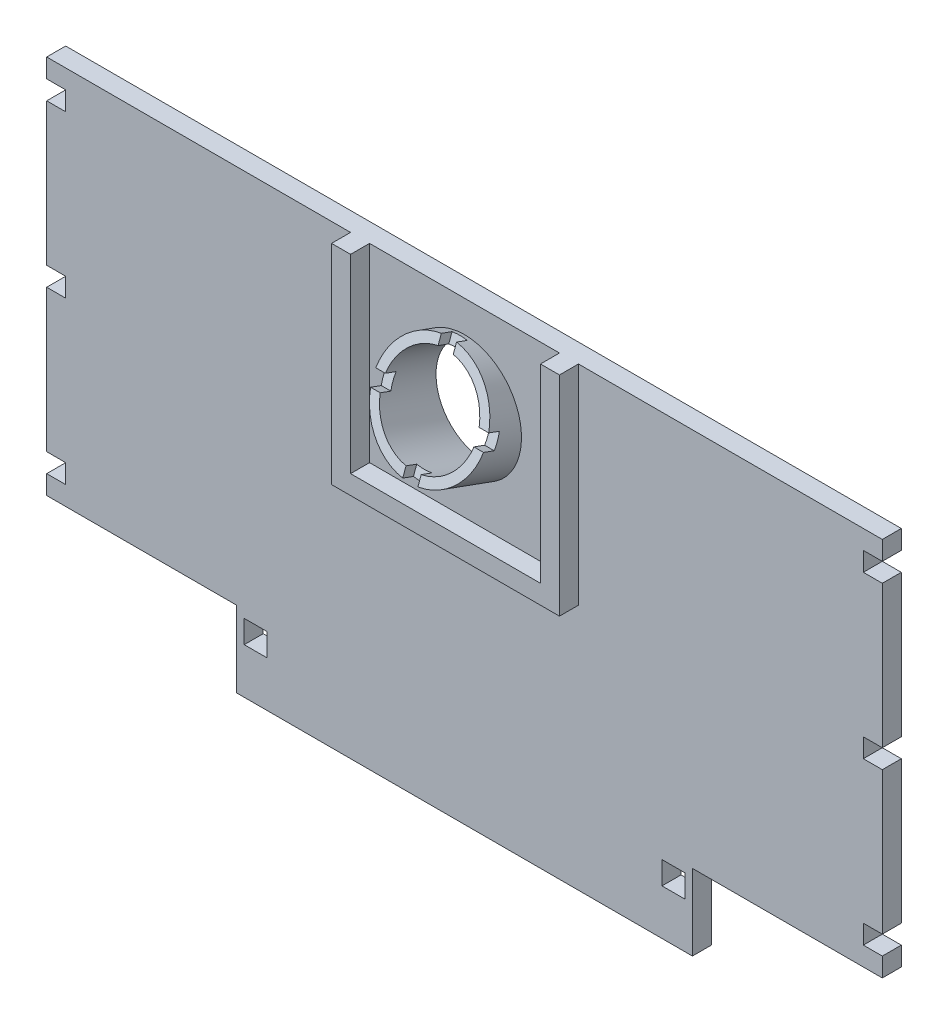
SolidWorks part; units mm, degrees
ref_plane "Front Plane" through (0, 0, 0) normal (0, 0, 1) x (1, 0, 0)
ref_plane "Top Plane" through (0, 0, 0) normal (0, 1, 0) x (1, 0, 0)
ref_plane "Right Plane" through (0, 0, 0) normal (1, 0, 0) x (0, 0, -1)
sketch "Sketch2" plane through (0, 0, 0) normal (0, 0, 1) x (1, 0, 0)
  line L0 (-100, -75) -> (-100, -45)
  line L1 (-100, 75) -> (100, 75)
  line L2 (-100, 75) -> (-100, -75)
  line L3 (-100, -75) -> (100, -75)
  line L4 (100, 75) -> (100, -75)
  line L5 (-100, 75) -> (100, -75) construction
  line L6 (-100, -75) -> (100, 75) construction
  line L7 (-100, -45) -> (-60, -45)
  line L8 (-60, -45) -> (-60, -75)
  line L9 (100, -75) -> (100, -45)
  line L10 (100, -45) -> (60, -45)
  line L11 (60, -45) -> (60, -75)
  line L12 (-60, -75) -> (-60, -65)
  line L13 (-60, -65) -> (60, -65)
  line L14 (-60, -45) -> (-50, -45)
  line L15 (-50, -45) -> (-50, -55)
  line L16 (-50, -55) -> (-60, -55)
  line L17 (60, -45) -> (50, -45)
  line L18 (50, -45) -> (50, -55)
  line L19 (50, -55) -> (60, -55)
  line L20 (-55, -55) -> (-55, -50)
  line L21 (-55, -50) -> (-50, -50)
  line L22 (-50, -45) -> (-52, -45)
  line L23 (-50, -45) -> (-50, -47)
  line L24 (0, -65) -> (0, -61.3332)
  line L25 (-58, -53) -> (-52, -53)
  line L26 (-58, -53) -> (-58, -47)
  line L27 (-58, -47) -> (-52, -47)
  line L28 (-52, -53) -> (-52, -47)
  line L29 (-58, -53) -> (-52, -47) construction
  line L30 (-58, -47) -> (-52, -53) construction
  line L31 (58, -47) -> (52, -47)
  line L32 (52, -53) -> (52, -47)
  line L33 (58, -53) -> (52, -53)
  line L34 (58, -53) -> (58, -47)
  point P0 (0, 0)
  dimension "D1" = 200
  dimension "D2" = 150
  dimension "D3" = 40
extrude "Boss-Extrude1" add sketch "Sketch2" along normal blind 5 contours L19 L18 L17 L10 L4 L1 L2 L7 L14 L15 L16 L8 L13 L11 | L18 L19 L11 L17 L34 L33 L32 L31 | L28 L21 L15 L14 L8 L16 L20 L25 L26 L27 | L28 L25 L20 L16 L15 L21 region at (0, 9.084, 0) region at (-56, -45.1414, 0) region at (-51.9375, -53.0625, 0) region at (55, -54.8586, 0)
sketch "Sketch3" plane through (0, 0, 5) normal (0, 0, 1) x (1, 0, 0)
  line L0 (-100, 75) -> (-100, -45) construction
  line L1 (-100, 75) -> (-100, 55)
  line L2 (-100, 55) -> (100, 55)
  line L3 (100, 75) -> (100, -45) construction
  line L4 (100, 55) -> (100, 75)
  line L5 (100, 75) -> (-100, 75)
extrude "Cut-Extrude1" cut sketch "Sketch3" against normal blind 5
sketch "Sketch4" plane through (0, 0, 0) normal (0, 0, -1) x (-1, 0, 0)
  line L0 (-100, 55) -> (100, 55)
  line L1 (100, 55) -> (100, -45)
  line L2 (100, -45) -> (-100, -45)
  line L3 (-100, -45) -> (-100, 55)
  line L4 (100, 55) -> (95, 55)
  line L5 (95, 55) -> (95, -45)
  line L6 (95, -45) -> (100, -45)
  line L7 (100, 55) -> (100, 45)
  line L8 (100, 45) -> (95, 45)
  line L9 (95, 45) -> (95, 50)
  line L10 (95, 50) -> (100, 50)
  line L11 (100, 50) -> (99, 50)
  line L12 (100, 50) -> (100, 49)
  line L13 (97.5, 45) -> (97.5, 47.5)
  line L14 (100, 5) -> (95, 5)
  line L15 (96, 46) -> (99, 46)
  line L16 (96, 46) -> (96, 49)
  line L17 (96, 49) -> (99, 49)
  line L18 (99, 46) -> (99, 49)
  line L19 (96, 46) -> (99, 49) construction
  line L20 (96, 49) -> (99, 46) construction
  line L21 (96, -39) -> (99, -39)
  line L22 (99, -36) -> (99, -39)
  line L23 (96, -36) -> (99, -36)
  line L24 (96, -36) -> (96, -39)
  line L25 (100, 5) -> (100, 7.5)
  line L26 (100, 5) -> (100, 2.5)
  line L27 (100, 2.5) -> (95, 2.5)
  line L28 (95, 2.5) -> (95, 7.5)
  line L29 (95, 7.5) -> (100, 7.5)
  line L30 (100, 2.5) -> (99, 2.5)
  line L31 (100, 2.5) -> (100, 3.5)
  line L32 (0, -45) -> (0, -36)
  line L33 (96, 6.5) -> (99, 6.5)
  line L34 (96, 6.5) -> (96, 3.5)
  line L35 (96, 3.5) -> (99, 3.5)
  line L36 (99, 6.5) -> (99, 3.5)
  line L37 (96, 6.5) -> (99, 3.5) construction
  line L38 (96, 3.5) -> (99, 6.5) construction
  line L39 (97.5, -36) -> (97.5, -39)
  line L40 (100, 50) -> (95, 50)
  line L41 (100, 50) -> (100, 45)
  line L42 (100, 45) -> (95, 45)
  line L43 (95, 50) -> (95, 45)
  line L44 (100, 50) -> (95, 45) construction
  line L45 (100, 45) -> (95, 50) construction
  line L46 (97.5, -39) -> (97.5, -40)
  line L47 (-100, 45) -> (-95, 45)
  line L48 (100, -35) -> (95, -35)
  line L49 (100, -35) -> (100, -40)
  line L50 (100, -40) -> (95, -40)
  line L51 (95, -35) -> (95, -40)
  line L52 (100, -35) -> (95, -40) construction
  line L53 (100, -40) -> (95, -35) construction
  line L54 (-95, 50) -> (-95, 45)
  line L55 (-100, 50) -> (-95, 50)
  line L56 (-100, 50) -> (-100, 45)
  line L57 (-100, 5) -> (-100, 7.5)
  line L58 (-95, 7.5) -> (-100, 7.5)
  line L59 (-95, 2.5) -> (-95, 7.5)
  line L60 (-100, 2.5) -> (-95, 2.5)
  line L61 (-100, 5) -> (-100, 2.5)
  line L62 (-100, -40) -> (-95, -40)
  line L63 (-95, -35) -> (-95, -40)
  line L64 (-100, -35) -> (-95, -35)
  line L65 (-100, -35) -> (-100, -40)
  point P31 (97.5, 5)
  point P44 (97.5, -37.5)
sketch "Sketch6" plane through (0, 0, 0) normal (0, 0, -1) x (-1, 0, 0)
  line L0 (0, -65) -> (0, -45)
  line L1 (60, -65) -> (-60, -65) construction
  line L2 (0, -45) -> (50, -45)
  line L3 (50, -45) -> (50, -65)
  line L4 (0, -45) -> (-50, -45)
  line L5 (-50, -45) -> (-50, -65)
  line L6 (-50, -45) -> (-60, -45)
  line M21 (-60, -65) -> (60, -65)
extrude "Boss-Extrude2" add sketch "Sketch6" along normal blind 100 contours L3 L2 L0 M21 | L4 L5 L0 M21 region at (25, -55, 0) region at (-25, -55, 0)
sketch "Sketch8" plane through (50, 0, 0) normal (1, 0, 0) x (0, 0, -1)
  line L0 (100, -45) -> (100, 55)
  line L1 (100, 55) -> (78.5761, 55)
  line L2 (100, -45) -> (42.1791, -45)
  line L3 (100, -45) -> (0, -45) construction
  line L4 (78.5761, 55) -> (42.1791, -45)
  line L5 (60.3776, 5) -> (63.7978, 14.3969)
  line L6 (60.3776, 5) -> (56.9574, -4.3969)
  line M8 (100, -45) -> (0, -45)
  dimension "D1" = 21.4239
  dimension "D2" = 57.8209
extrude "Boss-Extrude3" add sketch "Sketch8" against normal blind 100 contours L1 L4 L0 M8 region at (50, -2.655, -78.7957)
sketch "Sketch12" plane through (50, 0, 0) normal (1, 0, 0) x (0, 0, -1)
  line L0 (42.1791, -45) -> (78.5761, 55)
  line L2 (42.1791, -45) -> (100, -45)
  line L3 (100, 55) -> (100, -65) construction
  line L4 (100, -45) -> (100, 55)
  line L5 (78.5761, 55) -> (83.897, 55)
  line L6 (100, 55) -> (78.5761, 55) construction
  line L7 (83.897, 55) -> (88.897, 55)
  line L8 (83.897, 55) -> (47.5, -45)
  line L9 (88.897, 55) -> (52.5, -45)
  line M5 (100, 55) -> (78.5761, 55)
  line M6 (78.5761, 55) -> (42.1791, -45)
  dimension "D1" = 5.3209
extrude "Cut-Extrude4" cut sketch "Sketch12" against normal blind 100 contours L8 L2 M5 M6 region at (50, 5, -63.0381)
sketch "Sketch13" plane through (0, -20.5302, -56.4063) normal (0, 0.342, 0.9397) x (1, 0, 0)
  line L0 (-50, 80.3776) -> (50, 80.3776)
  line L1 (50, 80.3776) -> (50, -26.0402)
  line L2 (50, -26.0402) -> (-50, -26.0402)
  line L3 (-50, -26.0402) -> (-50, 80.3776)
  line L4 (0, 80.3776) -> (0, 27.1687)
  circle A0 centre (0, 27.1687) radius 10
extrude "Boss-Extrude5" add sketch "Sketch13" along normal blind 100 contours A0 region at (6.8711, 11.4567, -68.0486)
sketch "Sketch14" plane through (0, 13.6718, 37.563) normal (0, 0.342, 0.9397) x (1, 0, 0)
  circle A0 centre (0, 27.1687) radius 10.3
  circle A1 centre (0, 27.1687) radius 12.5
  circle M3 centre (0, 27.1687) radius 10
  dimension "D1" = 25
extrude "Cut-Extrude5" cut sketch "Sketch14" against normal blind 100 contours M3 | A1 M3 | A0 M3 | A0 | A1 region at (-10.0087, 39.202, 28.2708) region at (-12.1464, 39.202, 28.2708) region at (0, 39.202, 28.2708)
ref_plane "Plane1" through (0, 13.6718, 37.563) normal (0, 0.342, 0.9397) x (1, 0, 0)
sketch "Sketch15" plane through (0, 13.6718, 37.563) normal (0, 0.342, 0.9397) x (1, 0, 0)
  circle A0 centre (0, 27.1687) radius 10
  circle A1 centre (0, 27.1687) radius 12.5
  circle A2 centre (0, 27.1687) radius 15
ref_plane "Plane2" through (0, 0, -30) normal (0, 0, -1) x (-1, 0, 0)
extrude "Boss-Extrude6" add sketch "Sketch15" against normal blind 40 contours A2 A1 region at (-14.5757, 39.202, 28.2708)
sketch "Sketch16" plane through (0, 0, -30) normal (0, 0, -1) x (-1, 0, 0)
  line L0 (0, 61.0723) -> (0, 0)
  line L1 (0, 0) -> (25, 0)
  line L2 (25, 0) -> (25, 61.0723)
  line L3 (25, 61.0723) -> (-25, 61.0723)
  line L4 (-25, 61.0723) -> (-25, 0)
  line L5 (-25, 0) -> (0, 0)
sketch "Sketch17" plane through (0, 13.6718, 37.563) normal (0, 0.342, 0.9397) x (1, 0, 0)
  circle A0 centre (0, 27.1687) radius 10.3
  circle A1 centre (0, 27.1687) radius 12.5
extrude "Cut-Extrude10" cut sketch "Sketch16" against normal blind 35 contours L4 L5 L0 L3 | L2 L3 L0 L1 region at (-12.5, 30.5361, -30) region at (12.5, 30.5361, -30)
sketch "Sketch18" plane through (0, 0, 5) normal (0, 0, 1) x (1, 0, 0)
  line L0 (25, 55) -> (25, 0)
  line L1 (25, 0) -> (-25, 0)
  line L2 (-25, 0) -> (-25, 55)
  line L3 (-25, 55) -> (25, 55)
  line L4 (-30, 55) -> (-30, 60)
  line L5 (30, 0) -> (30, 55)
  line L6 (25, 55) -> (100, 55) construction
  line L7 (30, 55) -> (25, 55)
  line L8 (30, 0) -> (30, -5)
  line L9 (30, -5) -> (-30, -5)
  line L10 (-30, -5) -> (-30, 55)
  line L11 (-100, 55) -> (-25, 55) construction
  line L12 (-30, 55) -> (-25, 55)
  line L13 (-30, 60) -> (30, 60)
  line L14 (30, 60) -> (30, 55)
  line L15 (-30, 55) -> (30, 55)
  line M5 (25, 55) -> (25, 0)
  line M6 (25, 0) -> (-25, 0)
  line M7 (-25, 0) -> (-25, 55)
  line M8 (-25, 55) -> (-100, 55)
  line M40 (100, 55) -> (25, 55)
sketch "Sketch20" plane through (0, 0, 5) normal (0, 0, -1) x (-1, 0, 0)
  ellipse E2 centre (0, 30.7322) end of major axis (0, 44.0344) minor radius 12.5 (0, 44.0344) -> (0, 44.0344) ccw
  ellipse E3 centre (0, 30.7322) end of major axis (0, 44.0344) minor radius 12.5
  ellipse E5 centre (0, 30.7322) end of major axis (0, 46.6948) minor radius 15 (0, 46.6948) -> (0, 46.6948) ccw
  ellipse E6 centre (0, 30.7322) end of major axis (0, 46.6948) minor radius 15
  dimension "D1" = 0
  dimension "D2" = 0
sketch "Sketch21" plane through (0, 0, -30) normal (0, 0, -1) x (-1, 0, 0)
  line L0 (0, 30.7322) -> (0, 46.6948)
  line L1 (0, 46.6948) -> (-15, 46.6948)
  line L2 (-15, 46.6948) -> (-15, 14.7695)
  line L3 (-15, 14.7695) -> (15, 14.7695)
  line L4 (15, 14.7695) -> (15, 46.6948)
  line L5 (15, 46.6948) -> (0, 46.6948)
  line L6 (-25, 55) -> (-25, 0)
  line L7 (-25, 0) -> (25, 0)
  line L8 (25, 0) -> (25, 55)
  line L9 (25, 55) -> (-25, 55)
  line L10 (-30, 55) -> (-30, 60)
  line L11 (-30, 60) -> (-25, 60)
  line L12 (-25, 60) -> (30, 60)
  line L13 (30, 60) -> (30, 55)
  line L14 (30, 55) -> (30, -5)
  line L15 (30, -5) -> (-30, -5)
  line L16 (-30, -5) -> (-30, 55)
  line L17 (-25, 55) -> (-30, 55)
  line L18 (25, 55) -> (30, 55)
  line L19 (-25, 55) -> (25, 55)
  ellipse E2 centre (0, 30.7322) end of major axis (0, 46.6948) minor radius 15
  ellipse E3 centre (0, 30.7322) end of major axis (0, 46.6948) minor radius 15
  ellipse E5 centre (0, 30.7322) end of major axis (0, 44.0344) minor radius 12.5
  ellipse E6 centre (0, 30.7322) end of major axis (0, 44.0344) minor radius 12.5
  dimension "D1" = 0
  dimension "D2" = 0
extrude "Cut-Extrude11" cut sketch "Sketch15<4>" against normal blind 15 contours A2 A1 region at (-14.5757, 39.202, 28.2708)
sketch "Sketch15<4>" plane through (0, 13.6718, 37.563) normal (0, 0.342, 0.9397) x (1, 0, 0) same geometry as "Sketch15"
sketch "Sketch22" plane through (0, 0, 0) normal (0, 0, -1) x (-1, 0, 0)
  line L0 (30, -5) -> (-30, -5)
  line L1 (-30, -5) -> (-30, 60)
  line L2 (-30, 60) -> (30, 60)
  line L3 (30, 60) -> (30, -5)
  line L4 (25, 0) -> (-25, 0)
  line L5 (-25, 0) -> (-25, 55)
  line L6 (-25, 55) -> (25, 55)
  line L7 (25, 55) -> (25, 0)
  line L8 (-25, 55) -> (-30, 55)
  line L9 (-25, 55) -> (-100, 55) construction
  line L10 (25, 55) -> (30, 55)
  line L11 (30, -5) -> (30, 55) construction
  line L12 (25, 0) -> (30, 0)
  line L13 (-25, 0) -> (-30, 0)
  line M17 (25, 0) -> (-25, 0)
  line M18 (-25, 0) -> (-25, 55)
  line M56 (25, 55) -> (25, 0)
extrude "Boss-Extrude7" add sketch "Sketch18" along normal blind 5 contours L10 L9 L8 L5 M40 M5 M6 M7 M8 region at (27.5, 54.1515, 5)
sketch "Sketch23" plane through (0, 8.5415, 23.4676) normal (0, 0.342, 0.9397) x (1, 0, 0)
  circle A0 centre (0, 27.1687) radius 15
  circle A1 centre (0, 27.1687) radius 10.3
  circle A2 centre (0, 27.1687) radius 12.5
  circle M4 centre (0, 27.1687) radius 12.5
  circle M5 centre (0, 27.1687) radius 15
extrude "Boss-Extrude8" add sketch "Sketch23" against normal blind 25 contours M5 M4 region at (-14.5757, 34.0717, 14.1754)
extrude "Cut-Extrude12" cut sketch "Sketch21" against normal blind 35 contours E6 E3 | E6 | L8 L9 L6 L7 L5 L4 L3 L2 L1 | E3 L4 L5 | E3 L1 L2 | E3 L2 L3 | E3 L3 L4 region at (-10.4462, 41.5478, -30) region at (11.6495, 43.1293, -30) region at (-11.6495, 43.1293, -30) region at (0, 17.795, -30) region at (11.6495, 18.335, -30) region at (-11.6495, 18.335, -30) region at (0, 54.2567, -30)
extrude "Boss-Extrude9" add sketch "Sketch22" against normal blind 5 contours L6 M18 M17 M56 region at (0, 27.5, 0)
extrude "Cut-Extrude13" cut sketch "Sketch23<3>" against normal blind 20 contours A1 M4 | A1 region at (0, 34.0717, 14.1754) region at (-12.1464, 34.0717, 14.1754)
sketch "Sketch23<3>" plane through (0, 8.5415, 23.4676) normal (0, 0.342, 0.9397) x (1, 0, 0) same geometry as "Sketch23"
sketch "Sketch27" plane through (0, 8.5415, 23.4676) normal (0, 0.342, 0.9397) x (1, 0, 0)
  line L1 (-2, 42.1687) -> (2, 42.1687)
  line L2 (-2, 42.1687) -> (-2, 12.1687)
  line L3 (-2, 12.1687) -> (2, 12.1687)
  line L4 (2, 42.1687) -> (2, 12.1687)
  line L5 (-2, 42.1687) -> (2, 12.1687) construction
  line L6 (-2, 12.1687) -> (2, 42.1687) construction
  line L7 (-15, 29.1687) -> (15, 29.1687)
  line L8 (-15, 29.1687) -> (-15, 25.1687)
  line L9 (-15, 25.1687) -> (15, 25.1687)
  line L10 (15, 29.1687) -> (15, 25.1687)
  line L11 (-15, 29.1687) -> (15, 25.1687) construction
  line L12 (-15, 25.1687) -> (15, 29.1687) construction
  circle A0 centre (0, 27.1687) radius 12.5
  circle A1 centre (0, 27.1687) radius 15
  point P0 (0, 27.1687)
  point P6 (0, 27.1687)
  circle M8 centre (0, 27.1687) radius 12.5
  circle M9 centre (0, 27.1687) radius 15
  dimension "D1" = 4
  dimension "D2" = 4
  dimension "D3" = 30
  dimension "D4" = 30
extrude "Cut-Extrude15" cut sketch "Sketch27" against normal blind 3 contours L4 L2 M9 M8 | L9 L7 M8 M9 | L9 L7 M9 M8 | L4 L2 M8 M9 region at (0, 46.9463, 9.4894) region at (-13.7008, 34.0717, 14.1754) region at (13.7008, 34.0717, 14.1754) region at (0, 21.1972, 18.8613)
sketch "Sketch28" plane through (0, 0, 10) normal (0, 0, 1) x (1, 0, 0)
  line L0 (-25, 55) -> (-25, 5)
  line L1 (-25, 55) -> (-25, 0) construction
  line L2 (-25, 5) -> (25, 5)
  line L3 (25, 55) -> (25, 0) construction
  line L4 (25, 5) -> (25, 0)
  line L5 (25, 0) -> (-25, 0)
  line L6 (-25, 0) -> (-25, 5)
  line L7 (-25, 0) -> (-30, 0)
  line L8 (-30, -5) -> (-30, 55) construction
  line L9 (-30, 0) -> (-30, -5)
  line L10 (-30, -5) -> (30, -5)
  line L11 (30, -5) -> (30, 0)
  line L12 (30, 55) -> (30, -5) construction
  line L13 (30, 0) -> (25, 0)
  line M1 (-30, 55) -> (-30, -5)
  line M2 (-30, -5) -> (30, -5)
  line M3 (30, -5) -> (30, 55)
  line M5 (25, 55) -> (25, 0)
  line M6 (25, 0) -> (-25, 0)
  line M7 (-25, 0) -> (-25, 55)
extrude "Cut-Extrude16" cut sketch "Sketch28" against normal blind 5 contours L13 L7 M3 M6 M1 M2 region at (0, -2.5, 10)
extrude "Boss-Extrude12" add sketch "Sketch28<3>" against normal blind 5 contours L2 M7 M6 M5 region at (0, 2.5, 10)
sketch "Sketch28<3>" plane through (0, 0, 10) normal (0, 0, 1) x (1, 0, 0) same geometry as "Sketch28"
sketch "Sketch30" plane through (0, 0, -100) normal (0, 0, -1) x (-1, 0, 0)
  line L0 (-100, 55) -> (100, 55)
  line L1 (100, 55) -> (100, -65)
  line L2 (100, -65) -> (-100, -65)
  line L3 (-100, -65) -> (-100, 55)
extrude "Cut-Extrude17" cut sketch "Sketch30" against normal blind 100
sketch "Sketch31" plane through (0, 0, 0) normal (0, 0, -1) x (-1, 0, 0)
  line L0 (-100, 55) -> (100, 55)
  line L1 (100, 55) -> (110, 55)
  line L2 (110, 55) -> (110, -45)
  line L3 (110, -45) -> (100, -45)
  line L4 (100, -45) -> (100, 55)
  line L5 (-100, 55) -> (-110, 55)
  line L6 (-110, 55) -> (-110, -45)
  line L7 (-110, -45) -> (-100, -45)
  line L8 (-100, 55) -> (-100, -45)
  line L9 (-105, 50) -> (-110, 50)
  line L10 (-105, 45) -> (-110, 45)
  line L11 (-110, 45) -> (-105, 45)
  line L12 (-105, 45) -> (-105, 50)
  line L13 (-105, 7.5) -> (-110, 7.5)
  line L14 (-110, 7.5) -> (-110, 2.5)
  line L15 (-110, 2.5) -> (-105, 2.5)
  line L16 (-110, 7.5) -> (-105, 7.5)
  line L17 (-105, 7.5) -> (-105, 2.5)
  line L18 (-105, -35) -> (-110, -35)
  line L19 (-105, -40) -> (-110, -40)
  line L20 (-110, -35) -> (-105, -35)
  line L21 (-105, -35) -> (-105, -40)
  line L22 (0, -45) -> (0, -36)
  line L23 (100, -45) -> (-100, -45) construction
  line L24 (105, -40) -> (110, -40)
  line L25 (105, -35) -> (105, -40)
  line L26 (105, -35) -> (110, -35)
  line L27 (110, 2.5) -> (105, 2.5)
  line L28 (105, 7.5) -> (105, 2.5)
  line L29 (105, 7.5) -> (110, 7.5)
  line L30 (105, 45) -> (110, 45)
  line L31 (105, 45) -> (105, 50)
  line L32 (105, 50) -> (110, 50)
  line M14 (100, -45) -> (100, 55)
  line M28 (-100, 55) -> (-100, -45)
extrude "Boss-Extrude13" add sketch "Sketch31" against normal blind 5 contours L31 L32 L2 L1 L3 L24 L25 L26 L27 L28 L29 L30 M14 | L18 L21 L19 L6 L7 L5 L9 L12 L10 L13 L17 L15 M28 region at (-104.7973, 5, 0) region at (104.7973, 5, 0)

══════

Exercise ▸
Copy out every line from the records that has the word "point".

Result ▸
  point P0 (0, 0)
  point P31 (97.5, 5)
  point P44 (97.5, -37.5)
  point P0 (0, 27.1687)
  point P6 (0, 27.1687)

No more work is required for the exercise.